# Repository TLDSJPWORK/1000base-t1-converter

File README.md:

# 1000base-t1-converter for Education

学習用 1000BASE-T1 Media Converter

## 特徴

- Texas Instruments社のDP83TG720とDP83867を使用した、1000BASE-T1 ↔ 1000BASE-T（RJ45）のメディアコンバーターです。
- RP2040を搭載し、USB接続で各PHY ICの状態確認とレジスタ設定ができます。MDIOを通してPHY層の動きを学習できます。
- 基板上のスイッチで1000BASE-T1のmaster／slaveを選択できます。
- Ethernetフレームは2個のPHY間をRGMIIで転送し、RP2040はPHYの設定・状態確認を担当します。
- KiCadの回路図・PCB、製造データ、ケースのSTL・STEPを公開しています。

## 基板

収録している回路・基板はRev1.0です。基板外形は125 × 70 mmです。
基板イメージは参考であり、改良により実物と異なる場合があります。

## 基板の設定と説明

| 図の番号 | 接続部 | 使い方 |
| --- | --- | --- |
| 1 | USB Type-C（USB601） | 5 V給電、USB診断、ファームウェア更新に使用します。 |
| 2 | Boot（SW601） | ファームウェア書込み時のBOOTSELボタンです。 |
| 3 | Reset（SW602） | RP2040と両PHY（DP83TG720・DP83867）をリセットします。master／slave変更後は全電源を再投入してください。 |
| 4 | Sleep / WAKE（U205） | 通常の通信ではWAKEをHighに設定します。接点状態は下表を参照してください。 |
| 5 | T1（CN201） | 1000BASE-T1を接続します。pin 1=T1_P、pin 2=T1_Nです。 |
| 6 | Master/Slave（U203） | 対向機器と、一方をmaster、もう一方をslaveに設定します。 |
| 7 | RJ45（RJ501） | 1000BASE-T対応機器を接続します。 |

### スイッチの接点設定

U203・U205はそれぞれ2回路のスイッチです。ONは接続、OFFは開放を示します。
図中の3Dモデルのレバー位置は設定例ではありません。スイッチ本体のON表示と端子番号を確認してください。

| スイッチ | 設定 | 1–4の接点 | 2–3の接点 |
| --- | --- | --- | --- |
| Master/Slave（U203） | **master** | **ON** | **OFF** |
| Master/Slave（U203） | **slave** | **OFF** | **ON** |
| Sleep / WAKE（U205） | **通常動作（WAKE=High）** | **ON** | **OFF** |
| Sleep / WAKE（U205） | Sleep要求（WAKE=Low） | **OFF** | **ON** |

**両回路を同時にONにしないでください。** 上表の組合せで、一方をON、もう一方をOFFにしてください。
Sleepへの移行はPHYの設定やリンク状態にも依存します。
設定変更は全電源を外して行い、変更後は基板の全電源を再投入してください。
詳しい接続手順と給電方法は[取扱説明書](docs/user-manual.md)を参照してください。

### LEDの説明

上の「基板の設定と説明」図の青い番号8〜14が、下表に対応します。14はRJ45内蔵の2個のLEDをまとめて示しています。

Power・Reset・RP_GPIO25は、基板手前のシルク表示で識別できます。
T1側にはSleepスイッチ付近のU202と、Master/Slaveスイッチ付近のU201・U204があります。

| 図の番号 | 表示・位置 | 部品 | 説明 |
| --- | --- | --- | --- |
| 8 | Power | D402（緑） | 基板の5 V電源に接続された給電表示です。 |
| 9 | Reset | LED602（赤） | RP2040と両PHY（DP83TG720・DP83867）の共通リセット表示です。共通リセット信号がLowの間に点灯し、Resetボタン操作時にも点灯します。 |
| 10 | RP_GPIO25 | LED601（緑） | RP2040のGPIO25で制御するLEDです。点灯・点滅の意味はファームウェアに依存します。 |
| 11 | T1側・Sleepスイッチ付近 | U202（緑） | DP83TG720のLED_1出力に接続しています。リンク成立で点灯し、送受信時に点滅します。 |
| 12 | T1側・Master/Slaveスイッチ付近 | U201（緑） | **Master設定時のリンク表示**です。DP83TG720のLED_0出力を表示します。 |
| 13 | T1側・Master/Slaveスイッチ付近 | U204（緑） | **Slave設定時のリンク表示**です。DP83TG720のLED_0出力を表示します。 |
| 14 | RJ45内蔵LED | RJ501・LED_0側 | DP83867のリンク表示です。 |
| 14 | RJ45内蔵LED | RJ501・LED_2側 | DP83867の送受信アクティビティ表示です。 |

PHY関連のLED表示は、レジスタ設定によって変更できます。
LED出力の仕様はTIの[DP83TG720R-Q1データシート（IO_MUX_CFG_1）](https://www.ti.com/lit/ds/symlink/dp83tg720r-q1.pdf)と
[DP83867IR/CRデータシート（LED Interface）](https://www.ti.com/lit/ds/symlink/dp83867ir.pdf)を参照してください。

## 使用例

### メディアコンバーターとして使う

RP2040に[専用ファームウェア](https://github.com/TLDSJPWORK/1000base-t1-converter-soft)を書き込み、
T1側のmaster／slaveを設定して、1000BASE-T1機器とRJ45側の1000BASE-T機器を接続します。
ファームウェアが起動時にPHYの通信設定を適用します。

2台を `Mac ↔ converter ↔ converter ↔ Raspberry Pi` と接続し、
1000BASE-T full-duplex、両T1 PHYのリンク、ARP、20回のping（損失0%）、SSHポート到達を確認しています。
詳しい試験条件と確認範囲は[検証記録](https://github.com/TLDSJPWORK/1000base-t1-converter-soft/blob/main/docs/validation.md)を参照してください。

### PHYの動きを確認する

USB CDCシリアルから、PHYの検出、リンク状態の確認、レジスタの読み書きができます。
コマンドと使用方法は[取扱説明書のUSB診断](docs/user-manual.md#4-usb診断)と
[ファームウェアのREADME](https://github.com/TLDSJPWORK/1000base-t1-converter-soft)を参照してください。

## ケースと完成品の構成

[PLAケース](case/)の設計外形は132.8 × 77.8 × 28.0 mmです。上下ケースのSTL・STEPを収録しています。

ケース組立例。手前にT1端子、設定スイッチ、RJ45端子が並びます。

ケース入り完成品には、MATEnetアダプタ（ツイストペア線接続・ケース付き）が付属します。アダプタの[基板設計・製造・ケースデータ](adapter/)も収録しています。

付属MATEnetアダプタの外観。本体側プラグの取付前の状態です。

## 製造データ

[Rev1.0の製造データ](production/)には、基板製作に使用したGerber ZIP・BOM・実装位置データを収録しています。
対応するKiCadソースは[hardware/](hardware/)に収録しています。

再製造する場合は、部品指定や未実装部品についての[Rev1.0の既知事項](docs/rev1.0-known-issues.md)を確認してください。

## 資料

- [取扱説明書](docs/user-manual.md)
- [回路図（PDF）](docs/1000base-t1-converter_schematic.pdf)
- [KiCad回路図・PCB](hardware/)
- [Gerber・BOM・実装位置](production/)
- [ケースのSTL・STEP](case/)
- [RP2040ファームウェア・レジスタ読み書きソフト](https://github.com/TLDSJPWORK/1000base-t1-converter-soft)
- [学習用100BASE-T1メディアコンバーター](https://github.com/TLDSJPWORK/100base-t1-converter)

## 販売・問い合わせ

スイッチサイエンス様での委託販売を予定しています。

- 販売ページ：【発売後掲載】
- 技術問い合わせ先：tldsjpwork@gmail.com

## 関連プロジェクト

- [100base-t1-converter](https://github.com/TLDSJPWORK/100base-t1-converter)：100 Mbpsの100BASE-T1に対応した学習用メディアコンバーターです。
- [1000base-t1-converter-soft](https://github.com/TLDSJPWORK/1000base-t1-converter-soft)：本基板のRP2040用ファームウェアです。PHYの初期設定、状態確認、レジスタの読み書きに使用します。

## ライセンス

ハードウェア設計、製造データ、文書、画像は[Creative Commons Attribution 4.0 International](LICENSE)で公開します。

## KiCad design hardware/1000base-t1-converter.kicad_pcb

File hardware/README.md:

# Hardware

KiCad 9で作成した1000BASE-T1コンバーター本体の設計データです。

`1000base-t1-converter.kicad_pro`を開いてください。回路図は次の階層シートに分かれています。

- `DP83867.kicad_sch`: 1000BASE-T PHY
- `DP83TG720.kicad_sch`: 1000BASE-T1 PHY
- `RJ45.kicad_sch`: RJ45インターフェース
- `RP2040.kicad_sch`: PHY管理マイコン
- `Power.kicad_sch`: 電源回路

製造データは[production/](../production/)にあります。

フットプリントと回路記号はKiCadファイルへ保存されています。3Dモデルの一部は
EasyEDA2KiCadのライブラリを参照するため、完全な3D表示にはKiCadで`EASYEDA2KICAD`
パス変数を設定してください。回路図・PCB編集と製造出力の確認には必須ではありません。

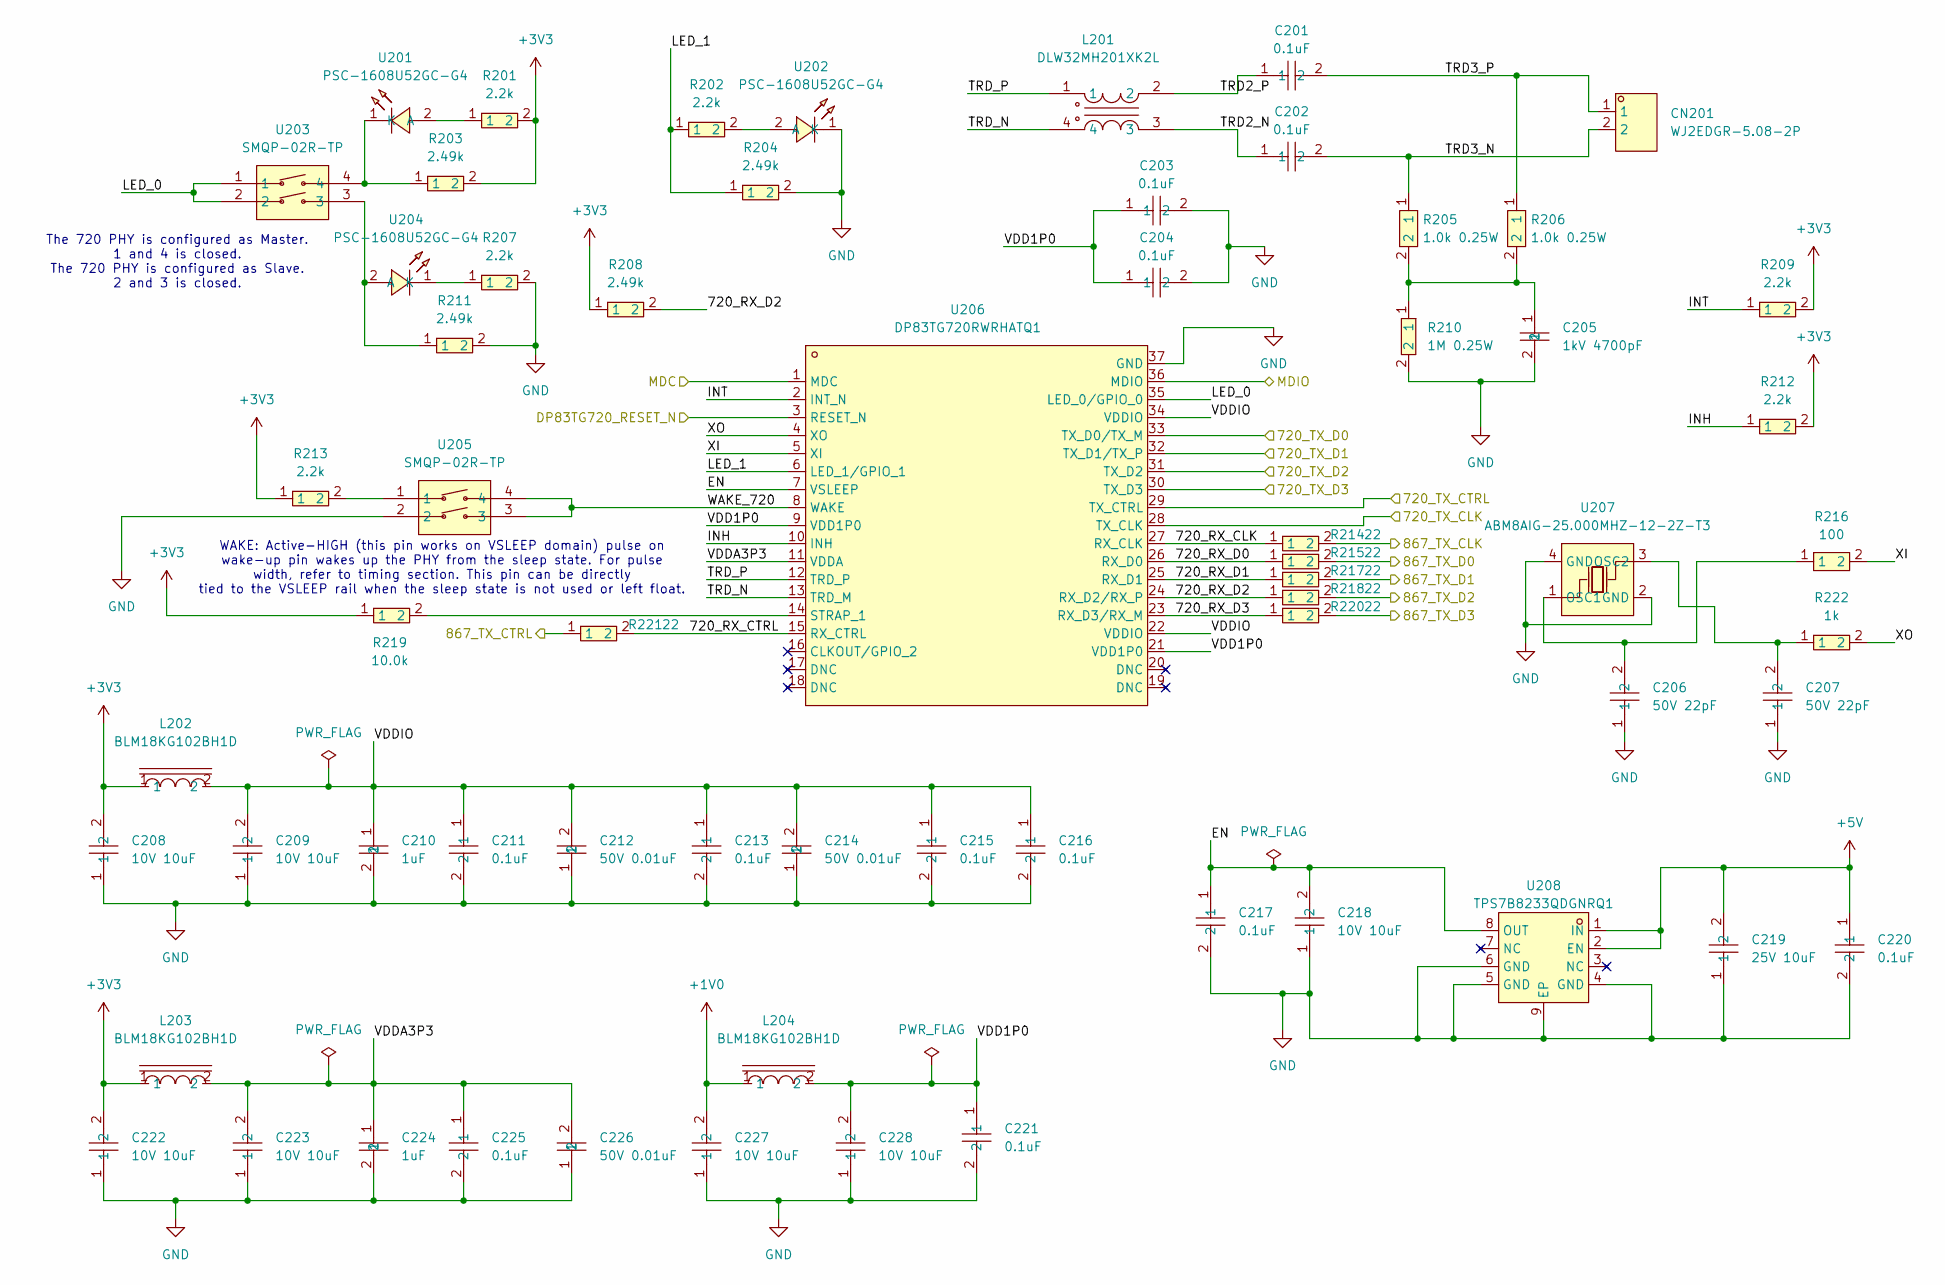
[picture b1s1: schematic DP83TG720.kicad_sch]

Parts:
C201, C202, C203, C204, C211, C213, C215, C216, C217, C220, C221, C225: 0.1uF; C0603; LCSC Part C14663
C205: 1kV 4700pF; C1206; LCSC Part C9192
C206, C207: 50V 22pF; C0603; LCSC Part C326840
C208, C209, C218, C222, C223, C227, C228: 10V 10uF; C0603; MPN GRM188Z71A106MA73D; LCSC Part C237435
C210, C224: 1uF; C0603; LCSC Part C15849
C212, C214, C226: 50V 0.01uF; C0603; LCSC Part C57112
C219: 25V 10uF; C0603; LCSC Part C96446
CN201: WJ2EDGR-5.08-2P; CONN-TH_WJ2EDGR-5.08-2P; MPN WJ2EDGR-5.08-02P-14-00A; LCSC Part C8383
L201: DLW32MH201XK2L; FILTER-SMD_4P-L3.2-W2.5-BL_DLW32SH510XK2L; MPN DLW32MH201XK2L; LCSC Part C883600
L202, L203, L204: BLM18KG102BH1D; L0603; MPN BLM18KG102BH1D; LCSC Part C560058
+ + + + + + +
**What the task asks**
Word for word, repeat the data from its first line through the line with "U204（緑） | **Slave設定時のリンク表示**です。DP83TG720のLED_0出力を表示します。 |", including both of those lines and no others.

**Your solution**
# Repository TLDSJPWORK/1000base-t1-converter

File README.md:

# 1000base-t1-converter for Education

学習用 1000BASE-T1 Media Converter

## 特徴

- Texas Instruments社のDP83TG720とDP83867を使用した、1000BASE-T1 ↔ 1000BASE-T（RJ45）のメディアコンバーターです。
- RP2040を搭載し、USB接続で各PHY ICの状態確認とレジスタ設定ができます。MDIOを通してPHY層の動きを学習できます。
- 基板上のスイッチで1000BASE-T1のmaster／slaveを選択できます。
- Ethernetフレームは2個のPHY間をRGMIIで転送し、RP2040はPHYの設定・状態確認を担当します。
- KiCadの回路図・PCB、製造データ、ケースのSTL・STEPを公開しています。

## 基板

収録している回路・基板はRev1.0です。基板外形は125 × 70 mmです。
基板イメージは参考であり、改良により実物と異なる場合があります。

## 基板の設定と説明

| 図の番号 | 接続部 | 使い方 |
| --- | --- | --- |
| 1 | USB Type-C（USB601） | 5 V給電、USB診断、ファームウェア更新に使用します。 |
| 2 | Boot（SW601） | ファームウェア書込み時のBOOTSELボタンです。 |
| 3 | Reset（SW602） | RP2040と両PHY（DP83TG720・DP83867）をリセットします。master／slave変更後は全電源を再投入してください。 |
| 4 | Sleep / WAKE（U205） | 通常の通信ではWAKEをHighに設定します。接点状態は下表を参照してください。 |
| 5 | T1（CN201） | 1000BASE-T1を接続します。pin 1=T1_P、pin 2=T1_Nです。 |
| 6 | Master/Slave（U203） | 対向機器と、一方をmaster、もう一方をslaveに設定します。 |
| 7 | RJ45（RJ501） | 1000BASE-T対応機器を接続します。 |

### スイッチの接点設定

U203・U205はそれぞれ2回路のスイッチです。ONは接続、OFFは開放を示します。
図中の3Dモデルのレバー位置は設定例ではありません。スイッチ本体のON表示と端子番号を確認してください。

| スイッチ | 設定 | 1–4の接点 | 2–3の接点 |
| --- | --- | --- | --- |
| Master/Slave（U203） | **master** | **ON** | **OFF** |
| Master/Slave（U203） | **slave** | **OFF** | **ON** |
| Sleep / WAKE（U205） | **通常動作（WAKE=High）** | **ON** | **OFF** |
| Sleep / WAKE（U205） | Sleep要求（WAKE=Low） | **OFF** | **ON** |

**両回路を同時にONにしないでください。** 上表の組合せで、一方をON、もう一方をOFFにしてください。
Sleepへの移行はPHYの設定やリンク状態にも依存します。
設定変更は全電源を外して行い、変更後は基板の全電源を再投入してください。
詳しい接続手順と給電方法は[取扱説明書](docs/user-manual.md)を参照してください。

### LEDの説明

上の「基板の設定と説明」図の青い番号8〜14が、下表に対応します。14はRJ45内蔵の2個のLEDをまとめて示しています。

Power・Reset・RP_GPIO25は、基板手前のシルク表示で識別できます。
T1側にはSleepスイッチ付近のU202と、Master/Slaveスイッチ付近のU201・U204があります。

| 図の番号 | 表示・位置 | 部品 | 説明 |
| --- | --- | --- | --- |
| 8 | Power | D402（緑） | 基板の5 V電源に接続された給電表示です。 |
| 9 | Reset | LED602（赤） | RP2040と両PHY（DP83TG720・DP83867）の共通リセット表示です。共通リセット信号がLowの間に点灯し、Resetボタン操作時にも点灯します。 |
| 10 | RP_GPIO25 | LED601（緑） | RP2040のGPIO25で制御するLEDです。点灯・点滅の意味はファームウェアに依存します。 |
| 11 | T1側・Sleepスイッチ付近 | U202（緑） | DP83TG720のLED_1出力に接続しています。リンク成立で点灯し、送受信時に点滅します。 |
| 12 | T1側・Master/Slaveスイッチ付近 | U201（緑） | **Master設定時のリンク表示**です。DP83TG720のLED_0出力を表示します。 |
| 13 | T1側・Master/Slaveスイッチ付近 | U204（緑） | **Slave設定時のリンク表示**です。DP83TG720のLED_0出力を表示します。 |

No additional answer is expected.